**Assigned task**
Since the pictures are not wanted, copy only the text of every record exactly.

**Task inputs**
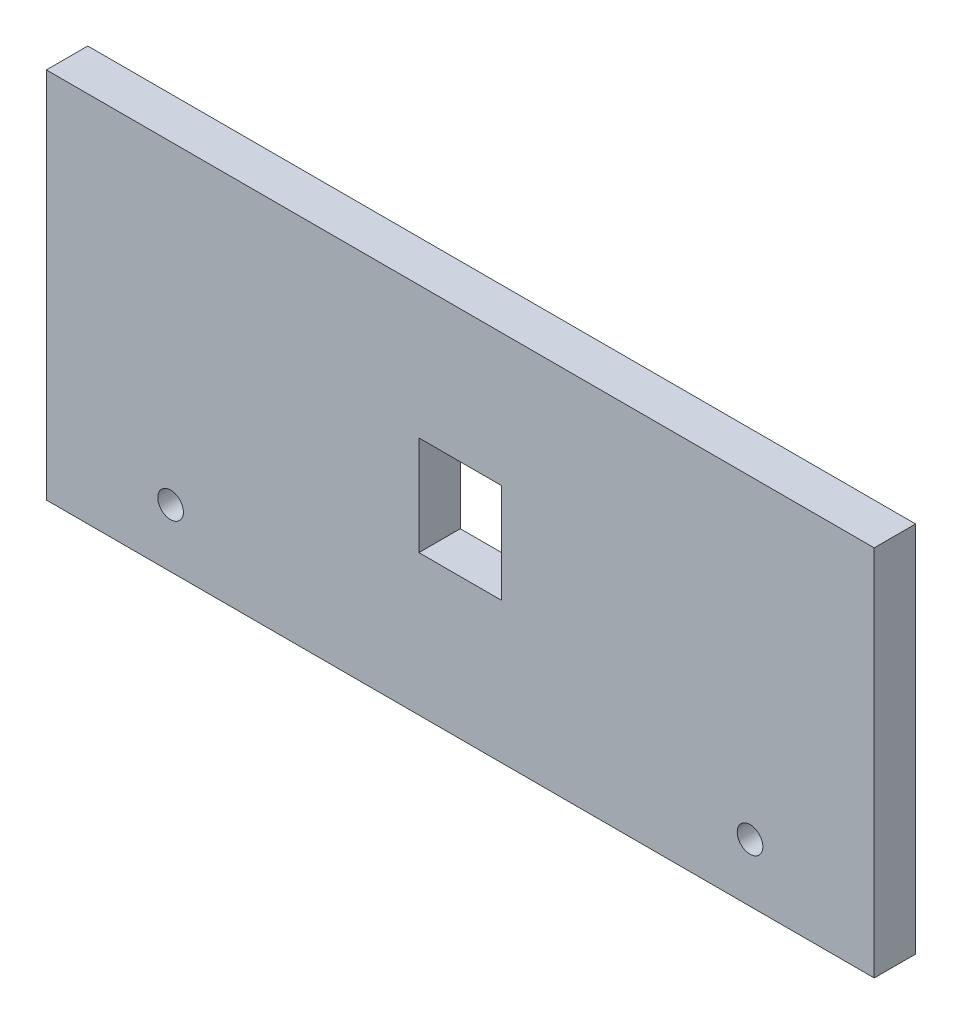
from build123d import *

# Parameters (mm, degrees)
ESQUISSE1_W        = 100
ESQUISSE1_H        = 45
ESQUISSE1_R        = 1.55
ESQUISSE1_W_2      = 10
ESQUISSE1_H_2      = 12
BOSS_EXTRU_1_DEPTH = 5


with BuildPart() as part:
    # Esquisse1 → Boss.-Extru.1 (new body)
    with BuildSketch(Plane.XY):
        Rectangle(ESQUISSE1_W, ESQUISSE1_H)
        with Locations((-35, -15.5)):
            Circle(ESQUISSE1_R, mode=Mode.SUBTRACT)
        with Locations((35, -15.5)):
            Circle(ESQUISSE1_R, mode=Mode.SUBTRACT)
        with Locations((0, 0.5)):
            Rectangle(ESQUISSE1_W_2, ESQUISSE1_H_2, mode=Mode.SUBTRACT)
    extrude(amount=-BOSS_EXTRU_1_DEPTH)


solid = part.part

**Answer below**
from build123d import *

# Parameters (mm, degrees)
ESQUISSE1_W        = 100
ESQUISSE1_H        = 45
ESQUISSE1_R        = 1.55
ESQUISSE1_W_2      = 10
ESQUISSE1_H_2      = 12
BOSS_EXTRU_1_DEPTH = 5


with BuildPart() as part:
    # Esquisse1 → Boss.-Extru.1 (new body)
    with BuildSketch(Plane.XY):
        Rectangle(ESQUISSE1_W, ESQUISSE1_H)
        with Locations((-35, -15.5)):
            Circle(ESQUISSE1_R, mode=Mode.SUBTRACT)
        with Locations((35, -15.5)):
            Circle(ESQUISSE1_R, mode=Mode.SUBTRACT)
        with Locations((0, 0.5)):
            Rectangle(ESQUISSE1_W_2, ESQUISSE1_H_2, mode=Mode.SUBTRACT)
    extrude(amount=-BOSS_EXTRU_1_DEPTH)


solid = part.part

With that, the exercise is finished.